**Requirement:** The required output is the stretch from the line containing "# E-GIF-M-Board" through the line containing "<- Pentru RS232, TX la TX" in the records below, unaltered and with no pictures.

**Data for review:**
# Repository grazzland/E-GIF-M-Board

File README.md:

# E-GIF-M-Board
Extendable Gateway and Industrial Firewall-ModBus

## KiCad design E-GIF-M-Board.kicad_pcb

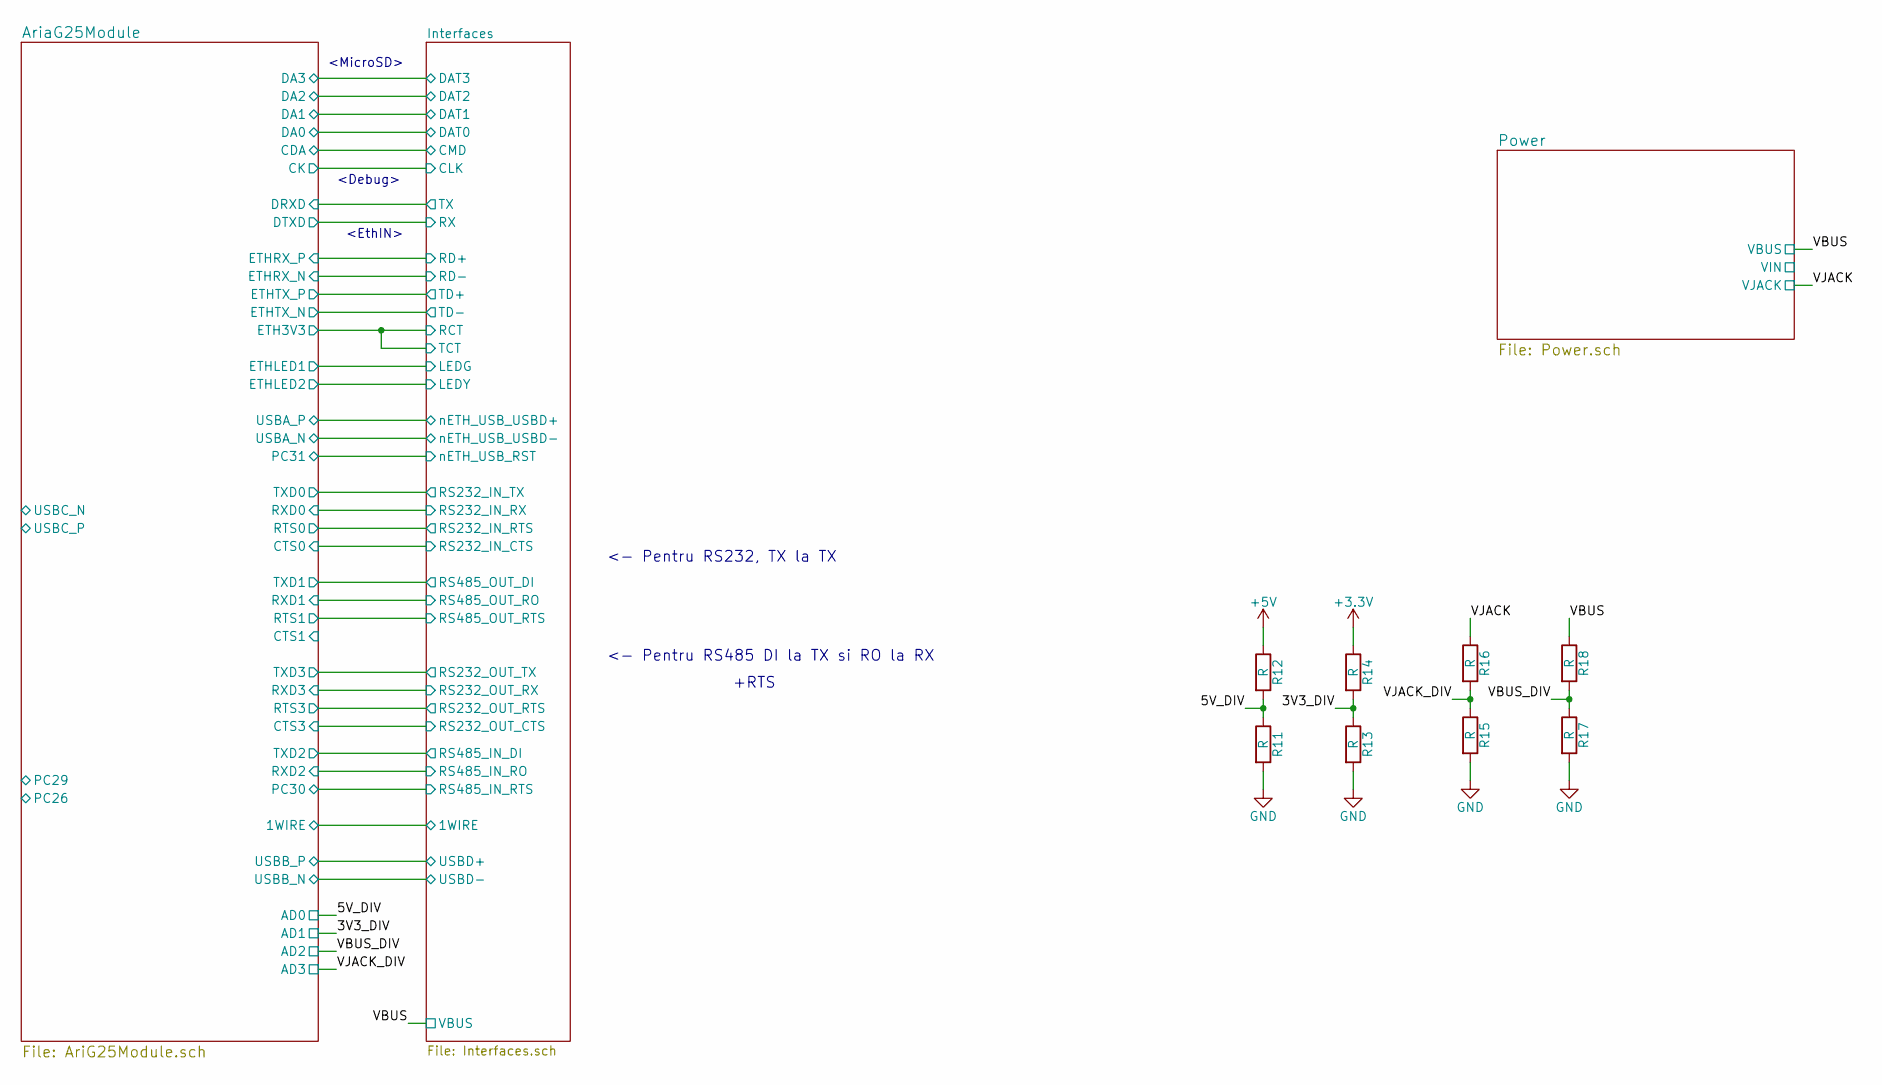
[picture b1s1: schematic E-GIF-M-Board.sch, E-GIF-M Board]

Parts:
R11, R12, R13, R14, R15, R16, R17, R18: R

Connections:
+3V3: R14.1; also elsewhere on the board
+5V: R12.1; also elsewhere on the board
/3V3_DIV: R13.1, R14.2; also elsewhere on the board
/5V_DIV: R11.1, R12.2; also elsewhere on the board
/VBUS: R18.1; also elsewhere on the board
/VBUS_DIV: R17.1, R18.2; also elsewhere on the board
/VJACK: R16.1; also elsewhere on the board
/VJACK_DIV: R15.1, R16.2; also elsewhere on the board
GND: R11.2, R13.2, R15.2, R17.2; also elsewhere on the board

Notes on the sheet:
<MicroSD>
<Debug>
<EthIN>
<- Pentru RS232, TX la TX
<- Pentru RS485 DI la TX si RO la RX
+RTS

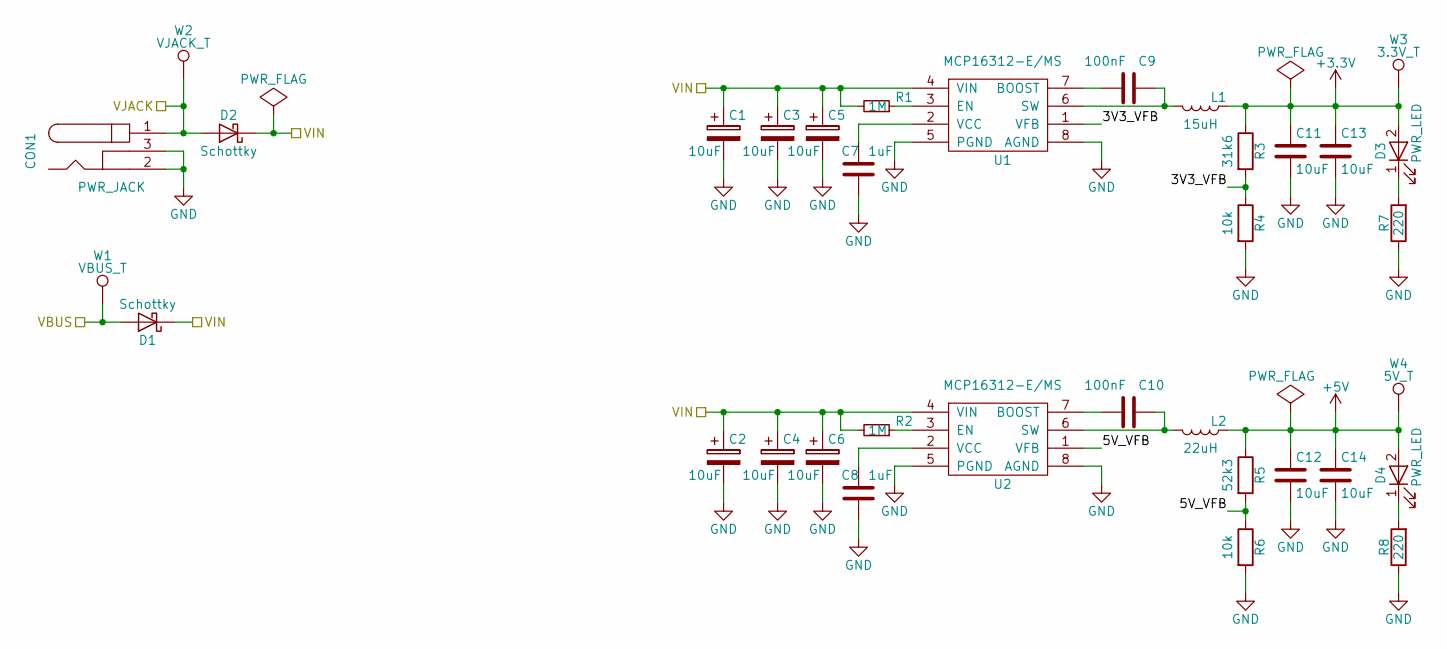
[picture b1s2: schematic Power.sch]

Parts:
C1, C2, C3, C4, C5, C6: 10uF; CP_Tantalum_Case-B_EIA-3528-21_Hand
C7, C8: 1uF; C_0603_HandSoldering
C9, C10: 100nF; C_0603_HandSoldering
C11, C12, C13, C14: 10uF; C_0603_HandSoldering
CON1: PWR_JACK; BARREL_JACK
D1, D2: Schottky; D_SMA-SMB_Universal_Handsoldering
D3, D4: PWR_LED; LED_0603
L1: 15uH; Inductor_Taiyo-Yuden_MD-5050
L2: 22uH; Inductor_Taiyo-Yuden_MD-5050
R1, R2: 1M; R_0603_HandSoldering
R3: 31k6; R_0603_HandSoldering
R4, R6: 10k; R_0603_HandSoldering
R5: 52k3; R_0603_HandSoldering
R7, R8: 220; R_0603_HandSoldering
U1, U2: MCP16312-E/MS; MSOP-8_3x3mm_Pitch0.65mm
W1: VBUS_T; Measurement_Point_Round-SMD-Pad_Small
W2: VJACK_T; Measurement_Point_Round-SMD-Pad_Small
W3: 3.3V_T; Measurement_Point_Round-SMD-Pad_Small
W4: 5V_T; Measurement_Point_Round-SMD-Pad_Small

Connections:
+3V3: C11.1, C13.1, D3.2 (A), L1.1, R3.1, W3.1; also elsewhere on the board
+5V: C12.1, C14.1, D4.2 (A), L2.1, R5.1, W4.1; also elsewhere on the board
/Power/3V3_VFB: R3.2, R4.1, U1.1 (VFB)
/Power/5V_VFB: R5.2, R6.1, U2.1 (VFB)
/Power/VIN: C1.1, C2.1, C3.1, C4.1, C5.1, C6.1, D1.1 (K), D2.1 (K), R1.2, R2.2, U1.4 (VIN), U2.4 (VIN)
/VBUS: D1.2 (A), W1.1; also elsewhere on the board
/VJACK: CON1.1, D2.2 (A), W2.1; also elsewhere on the board
GND: C1.2, C2.2, C3.2, C4.2, C5.2, C6.2, C7.2, C8.2, C11.2, C12.2, C13.2, C14.2, CON1.2, CON1.3, R4.2, R6.2, R7.1, R8.1, U1.5 (PGND), U1.8 (AGND), U2.5 (PGND), U2.8 (AGND); also elsewhere on the board
unnamed: C7.1, U1.2 (VCC)
unnamed: C8.1, U2.2 (VCC)
unnamed: C9.1, L1.2, U1.6 (SW)
unnamed: C9.2, U1.7 (BOOST)
unnamed: C10.1, L2.2, U2.6 (SW)
unnamed: C10.2, U2.7 (BOOST)
unnamed: D3.1 (K), R7.2
unnamed: D4.1 (K), R8.2
unnamed: R1.1, U1.3 (EN)
unnamed: R2.1, U2.3 (EN)

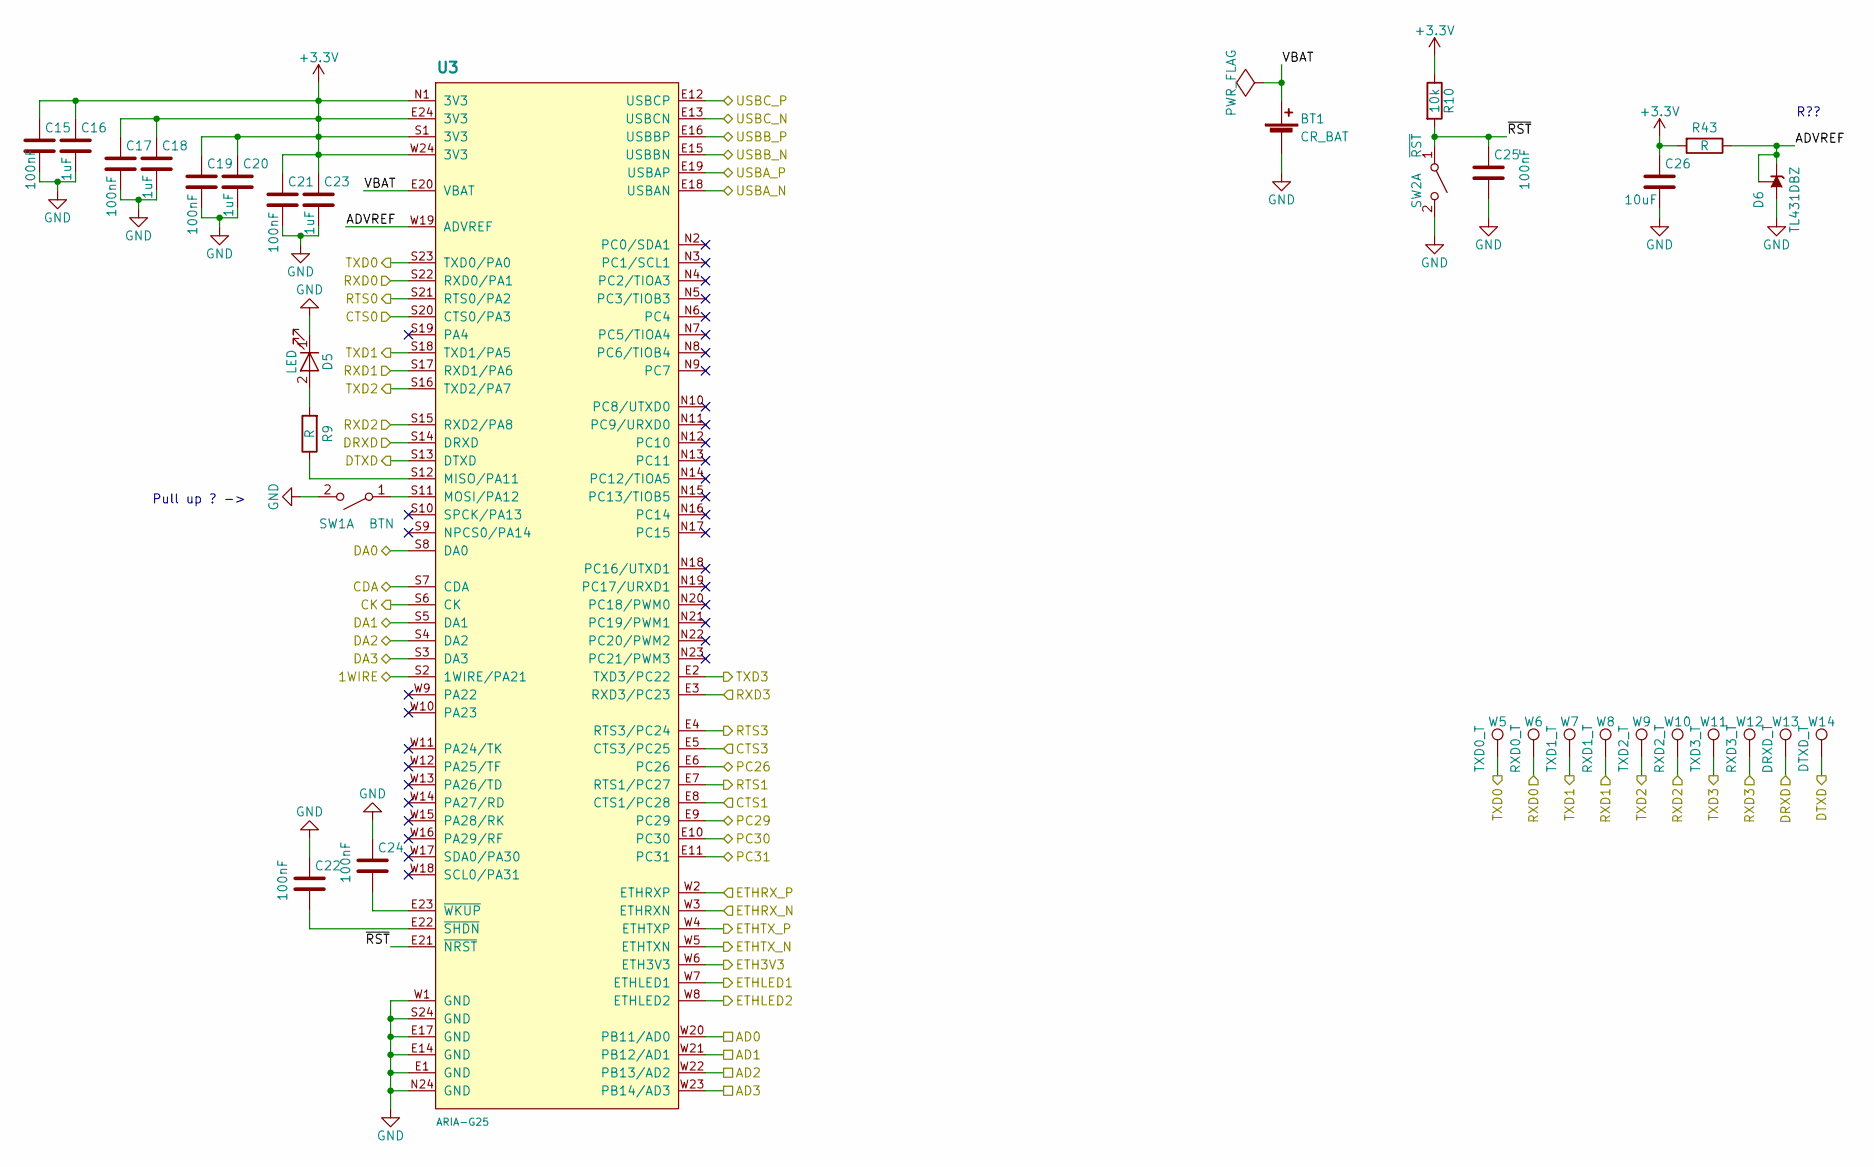
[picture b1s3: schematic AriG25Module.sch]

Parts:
BT1: CR_BAT; BatteryHolder_CoinCell_Keystone_3001
C15, C17, C19, C21, C22, C24, C25: 100nF; C_0603_HandSoldering
C16, C18, C20, C23: 1uF; C_0603_HandSoldering
C26: 10uF; C_0603_HandSoldering
D5: LED; LED_0603
D6: TL431DBZ; SOT-23
R9, R43: R; R_0603_HandSoldering
R10: 10k; R_0603_HandSoldering
SW1: BTN; SW_SPST_EVQPE1
SW2: ~RST; SW_SPST_EVQPE1
U3: ARIA-G25
W5: TXD0_T; Measurement_Point_Round-SMD-Pad_Small
W6: RXD0_T; Measurement_Point_Round-SMD-Pad_Small
W7: TXD1_T; Measurement_Point_Round-SMD-Pad_Small
W8: RXD1_T; Measurement_Point_Round-SMD-Pad_Small
W9: TXD2_T; Measurement_Point_Round-SMD-Pad_Small
W10: RXD2_T; Measurement_Point_Round-SMD-Pad_Small
W11: TXD3_T; Measurement_Point_Round-SMD-Pad_Small
W12: RXD3_T; Measurement_Point_Round-SMD-Pad_Small
W13: DRXD_T; Measurement_Point_Round-SMD-Pad_Small
W14: DTXD_T; Measurement_Point_Round-SMD-Pad_Small

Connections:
+3V3: C15.1, C16.1, C17.1, C18.1, C19.1, C20.1, C21.1, C23.1, C26.1, R10.1, R43.2, U3.E24 (3V3), U3.N1 (3V3), U3.S1 (3V3), U3.W24 (3V3); also elsewhere on the board
/3V3_DIV: U3.W21 (PB12/AD1); also elsewhere on the board
/5V_DIV: U3.W20 (PB11/AD0); also elsewhere on the board
/AriaG25Module/1WIRE: U3.S2 (1WIRE/PA21); also elsewhere on the board
/AriaG25Module/ADVREF: D6.1 (K), D6.2 (REF), R43.1, U3.W19 (ADVREF)
/AriaG25Module/CDA: U3.S7 (CDA); also elsewhere on the board
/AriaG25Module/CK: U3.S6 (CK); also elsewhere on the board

**Output of the task:**
# E-GIF-M-Board
Extendable Gateway and Industrial Firewall-ModBus

## KiCad design E-GIF-M-Board.kicad_pcb

[picture b1s1: schematic E-GIF-M-Board.sch, E-GIF-M Board]

Parts:
R11, R12, R13, R14, R15, R16, R17, R18: R

Connections:
+3V3: R14.1; also elsewhere on the board
+5V: R12.1; also elsewhere on the board
/3V3_DIV: R13.1, R14.2; also elsewhere on the board
/5V_DIV: R11.1, R12.2; also elsewhere on the board
/VBUS: R18.1; also elsewhere on the board
/VBUS_DIV: R17.1, R18.2; also elsewhere on the board
/VJACK: R16.1; also elsewhere on the board
/VJACK_DIV: R15.1, R16.2; also elsewhere on the board
GND: R11.2, R13.2, R15.2, R17.2; also elsewhere on the board

Notes on the sheet:
<MicroSD>
<Debug>
<EthIN>
<- Pentru RS232, TX la TX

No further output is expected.